Although Maldives addressed its first-generation challenges in the provision of basic services, long-standing structural constraints have remained. These constraints include a small import-dependent economy with a narrow economic base and the high cost of inter-island transportation and infrastructure provision, creating regional disparities in access to economic opportunities outside the capital city of Male. To promote economic diversification and inclusion, the government supported the development of micro, small, and medium-sized enterprises (MSMEs) that, until project processing in 2012, had operated on a small scale, including family-owned enterprises; engaged in retail trade; and remained largely unregistered.
Against this backdrop, the Asian Development Bank (ADB) approved a $5.57 million loan and a $4.45 million grant for the Inclusive Micro, Small, and Medium-Sized Enterprise Development Project in May 2012. With a $10.3 million cofinancing loan from the Islamic Development Bank (IDB), the project aimed for a more inclusive and broad-based MSME sector, as impact; and MSME sector expansion and strengthening, as outcome. It had three planned outputs (i) business support infrastructure built, (ii) access to finance for private sector MSMEs improved, and (iii) technologies for MSME development established.
At completion, the project fully or exceedingly achieved 12 of its 14 output targets, enabling it to substantially attain its intended outcome. 678 new women- and youth-engaged businesses were created. Loans were provided to 628 MSMEs, of which 349 were owned by women and/or youth. The Small and Medium Enterprise (SME) Act was ratified in April 2013. Amendments to the Act to incorporate international standards in corporate governance, internal controls and audit, credit risk management, and disclosure and transparency, and gender and youth concerns, have been drafted and are set for submission to the Parliament by September 2019.
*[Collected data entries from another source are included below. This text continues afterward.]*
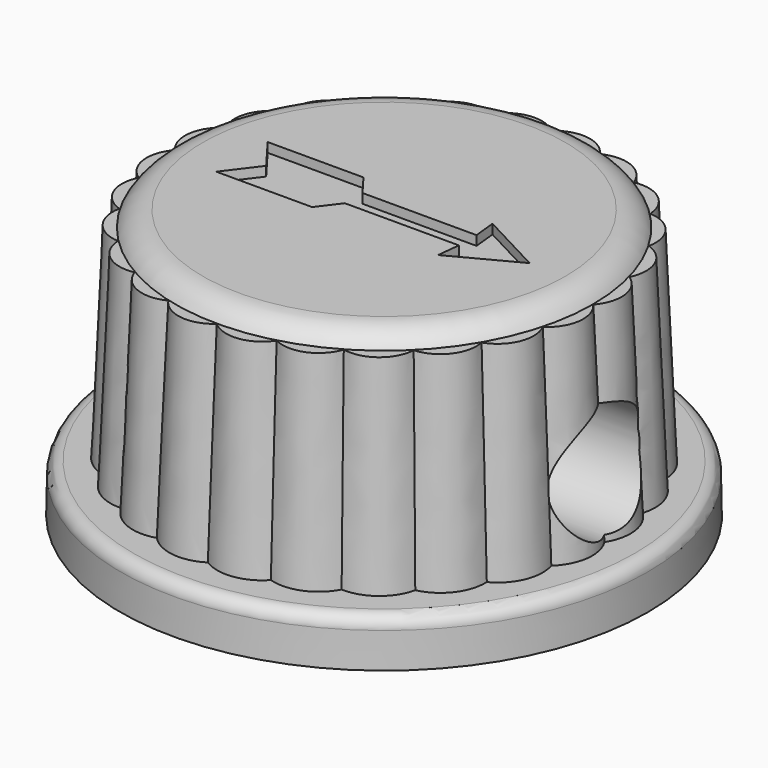
from build123d import *

# Parameters (mm, degrees)
F0_R                   = 8.35
F1_DEPTH               = 1.5
F1_TAPER               = 1
F2_R                   = 6.9
F3_DEPTH               = 6.5
F3_TAPER               = 2.5
F4_R                   = 6.6019829431
F5_DEPTH               = 0.5
F7_DEPTH               = 6.5
DRAFT_F7_DRAFTED_ANGLE = -2.5
F9_R                   = 0.4
F10_R                  = 3.9
F11_DEPTH              = 6.8
F12_R                  = 1.8
F13_DEPTH              = 25
F15_DEPTH              = 0.3


# Not quite as in the source:
# - a fillet or chamfer that OpenCascade refuses, or shapes differently, is made with other operations: its cross-section is extruded or revolved along the edge and cut away or added
# - an extrude with a draft is written as a straight extrude whose walls are then drafted


with BuildPart() as f1:
    # F0 (on Top) → F1 (new body)
    with BuildSketch(Plane.XY):
        Circle(F0_R)
    extrude(amount=F1_DEPTH, taper=F1_TAPER)

    # F2 (on face) → F3 (join)
    with BuildSketch(Plane.XY.offset(1.5)):
        Circle(F2_R)
    extrude(amount=F3_DEPTH, taper=F3_TAPER)

    # F4 (on face) → F5 (join)
    with BuildSketch(Plane.XY.offset(8)):
        Circle(F4_R)
    extrude(amount=F5_DEPTH)


with BuildPart() as f7_drafted:
    # F6 (on face) → F7 (new body, through all)
    with BuildSketch(Plane.XY.offset(8)):
        with BuildLine():
            ThreePointArc((6.3907621911, -1.7123995681), (6.8957390773, -0.9078412722), (6.6162038711, 0))
            ThreePointArc((6.6162038711, 0), (6.8957390773, 0.9078412722), (6.3907621911, 1.7123995681))
            ThreePointArc((6.3907621911, 1.7123995681), (6.4258058549, 2.6616559343), (5.729800629, 3.3081019355))
            ThreePointArc((5.729800629, 3.3081019355), (5.5179645827, 4.234083143), (4.678362623, 4.678362623))
            ThreePointArc((4.678362623, 4.678362623), (4.234083143, 5.5179645827), (3.3081019355, 5.729800629))
            ThreePointArc((3.3081019355, 5.729800629), (2.6616559343, 6.4258058549), (1.7123995681, 6.3907621911))
            ThreePointArc((1.7123995681, 6.3907621911), (0.9078412722, 6.8957390773), (0, 6.6162038711))
            ThreePointArc((0, 6.6162038711), (-0.9078412722, 6.8957390773), (-1.7123995681, 6.3907621911))
            ThreePointArc((-1.7123995681, 6.3907621911), (-2.6616559343, 6.4258058549), (-3.3081019355, 5.729800629))
            ThreePointArc((-3.3081019355, 5.729800629), (-4.234083143, 5.5179645827), (-4.678362623, 4.678362623))
            ThreePointArc((-4.678362623, 4.678362623), (-5.5179645827, 4.234083143), (-5.729800629, 3.3081019355))
            ThreePointArc((-5.729800629, 3.3081019355), (-6.4258058549, 2.6616559343), (-6.3907621911, 1.7123995681))
            ThreePointArc((-6.3907621911, 1.7123995681), (-6.8957390773, 0.9078412722), (-6.6162038711, 0))
            ThreePointArc((-6.6162038711, 0), (-6.8957390773, -0.9078412722), (-6.3907621911, -1.7123995681))
            ThreePointArc((-6.3907621911, -1.7123995681), (-6.4258058549, -2.6616559343), (-5.729800629, -3.3081019355))
            ThreePointArc((-5.729800629, -3.3081019355), (-5.5179645827, -4.234083143), (-4.678362623, -4.678362623))
            ThreePointArc((-4.678362623, -4.678362623), (-4.234083143, -5.5179645827), (-3.3081019355, -5.729800629))
            ThreePointArc((-3.3081019355, -5.729800629), (-2.6616559343, -6.4258058549), (-1.7123995681, -6.3907621911))
            ThreePointArc((-1.7123995681, -6.3907621911), (-0.9078412722, -6.8957390773), (0, -6.6162038711))
            ThreePointArc((0, -6.6162038711), (0.9078412722, -6.8957390773), (1.7123995681, -6.3907621911))
            ThreePointArc((1.7123995681, -6.3907621911), (2.6616559343, -6.4258058549), (3.3081019355, -5.729800629))
            ThreePointArc((3.3081019355, -5.729800629), (4.234083143, -5.5179645827), (4.678362623, -4.678362623))
            ThreePointArc((4.678362623, -4.678362623), (5.5179645827, -4.234083143), (5.729800629, -3.3081019355))
            ThreePointArc((5.729800629, -3.3081019355), (6.4258058549, -2.6616559343), (6.3907621911, -1.7123995681))
        make_face()
    extrude(amount=-F7_DEPTH)

    # draft_F7_drafted
    draft_f7_drafted_walls = [f7_drafted.faces().sort_by_distance(p)[0] for p in [
        (2.6616559343, -6.4258058549, 3.6666666667),
        (4.234083143, -5.5179645827, 3.6666666667),
        (5.5179645827, -4.234083143, 3.6666666667),
        (6.4258058549, -2.6616559343, 3.6666666667),
        (6.8957390773, -0.9078412722, 3.6666666667),
        (6.8957390773, 0.9078412722, 3.6666666667),
        (6.4258058549, 2.6616559343, 3.6666666667),
        (5.5179645827, 4.234083143, 3.6666666667),
        (4.234083143, 5.5179645827, 3.6666666667),
        (2.6616559343, 6.4258058549, 3.6666666667),
        (0.9078412722, 6.8957390773, 3.6666666667),
        (-0.9078412722, 6.8957390773, 3.6666666667),
        (-2.6616559343, 6.4258058549, 3.6666666667),
        (-4.234083143, 5.5179645827, 3.6666666667),
        (-5.5179645827, 4.234083143, 3.6666666667),
        (-6.4258058549, 2.6616559343, 3.6666666667),
        (-6.8957390773, 0.9078412722, 3.6666666667),
        (-6.8957390773, -0.9078412722, 3.6666666667),
        (-6.4258058549, -2.6616559343, 3.6666666667),
        (-5.5179645827, -4.234083143, 3.6666666667),
        (-4.234083143, -5.5179645827, 3.6666666667),
        (-2.6616559343, -6.4258058549, 3.6666666667),
        (-0.9078412722, -6.8957390773, 3.6666666667),
        (0.9078412722, -6.8957390773, 3.6666666667),
    ]]
    draft(draft_f7_drafted_walls, neutral_plane=Plane(origin=(0, 0, 8), x_dir=(1, 0, 0), z_dir=(0, 0, -1)), angle=DRAFT_F7_DRAFTED_ANGLE)


with BuildPart() as f1_1:
    add(f1.part)

    # join_F7_drafted: union F7_drafted
    add(f7_drafted.part)

    # F8: fillet of radius 1 on 1 edges, made by hand

    # F8_s1 → F8_t2 (revolve, cut)
    with BuildSketch(Plane.XZ):
        with BuildLine():
            ThreePointArc((6.6019829431, 8), (6.2359575393, 8.3660254038), (5.7359575393, 8.5))
            Line((5.7359575393, 8.5), (6.6019829431, 8.5))
            Line((6.6019829431, 8.5), (6.6019829431, 8))
        make_face()
    revolve(axis=Axis((0, 0, 8.5), (0, 0, 1)), mode=Mode.SUBTRACT)

    # F9
    f9_edges = [f1_1.edges().sort_by_distance(p)[0] for p in [
        (-8.323817, 0, 1.5),
    ]]
    fillet(f9_edges, radius=F9_R)

    # F10 (on face) → F11 (cut)
    with BuildSketch(Plane(origin=(0, 0, 0), x_dir=(1, 0, 0), z_dir=(0, 0, -1))):
        Circle(F10_R)
    extrude(amount=-F11_DEPTH, mode=Mode.SUBTRACT)

    # F12 (on Right) → F13 (cut)
    with BuildSketch(Plane.YZ):
        with Locations((0, 3.5)):
            Circle(F12_R)
    extrude(amount=F13_DEPTH, mode=Mode.SUBTRACT)

    # F14 (on face) → F15 (cut)
    with BuildSketch(Plane.XY.offset(8.5)):
        Polygon((-4.4968236719, 1.0159876547), (-3.7311276572, 0), (-4.4968236719, -1.0159876547), (-1.465461005, -1.0159876547), (-0.9635414288, -0.35), (2.6435573608, -0.35), (2.5679734536, -1.0748769855), (4.6023922041, 0), (2.5679734536, 1.0748769855), (2.6435573608, 0.35), (-0.9635414288, 0.35), (-1.465461005, 1.0159876547), align=None)
    extrude(amount=-F15_DEPTH, mode=Mode.SUBTRACT)


solid = f1_1.part
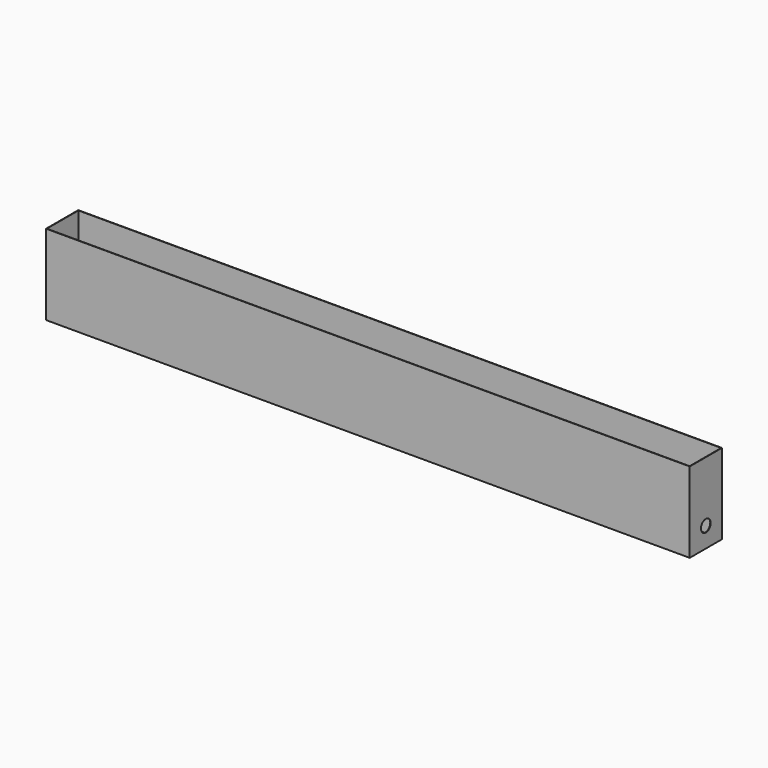
from build123d import *

# Parameters (mm, degrees)
F0_W     = 1600
F0_H     = 100
F1_DEPTH = 200
F2_T     = -1
F5_D     = 20
F8_D     = 30


# Not quite as in the source:
# - the program builds the solid bodies; features that only make, move or delete a surface that nothing else refers to are left out


with BuildPart() as f1:
    # F0 (on Top) → F1 (new body)
    with BuildSketch(Plane.XY):
        Rectangle(F0_W, F0_H)
    extrude(amount=F1_DEPTH)

    # F2
    f2_openings = [f1.faces().sort_by_distance(p)[0] for p in [
        (0, 0, 200),
    ]]
    offset(amount=F2_T, openings=f2_openings)

    # F5 (through all)
    with Locations(Plane.XY.offset(1)):
        with Locations((787, 37), (787, -37), (-787, 37), (-787, -37)):
            Hole(F5_D / 2)

    # F8 (through all)
    with Locations(Plane(origin=(-800, 0, 0), x_dir=(0, -1, 0), z_dir=(-1, 0, 0))):
        with Locations((0, 50)):
            Hole(F8_D / 2)


solid = f1.part

The institutional, operational, infrastructural, and human resource capacities of the business development service centers (BDSCs) were strengthened in line with the SME Act requirements. BDSC operations were expanded to all the country’s seven provinces, with two additional BDSCs opened under the project. BSDC business development products and services were enlarged to 32, from a baseline of 10 in 2011. Business incubator programs, including the government’s GetSet Scheme, the IDB’s Line of Finance (LOF) facility, and ADB’s Women Enterprises Loan (WEL) provided support for product development, quality control on product standards, business management and skills development, and market research for value-chain MSMEs to 178 MSMEs, of which, 71 were youth-led and 66 were women-led. WEL comprised phase II of the Line of Credit Facility (LCF) established under the preceding ADB-financed Private Sector Development Project (PSDP).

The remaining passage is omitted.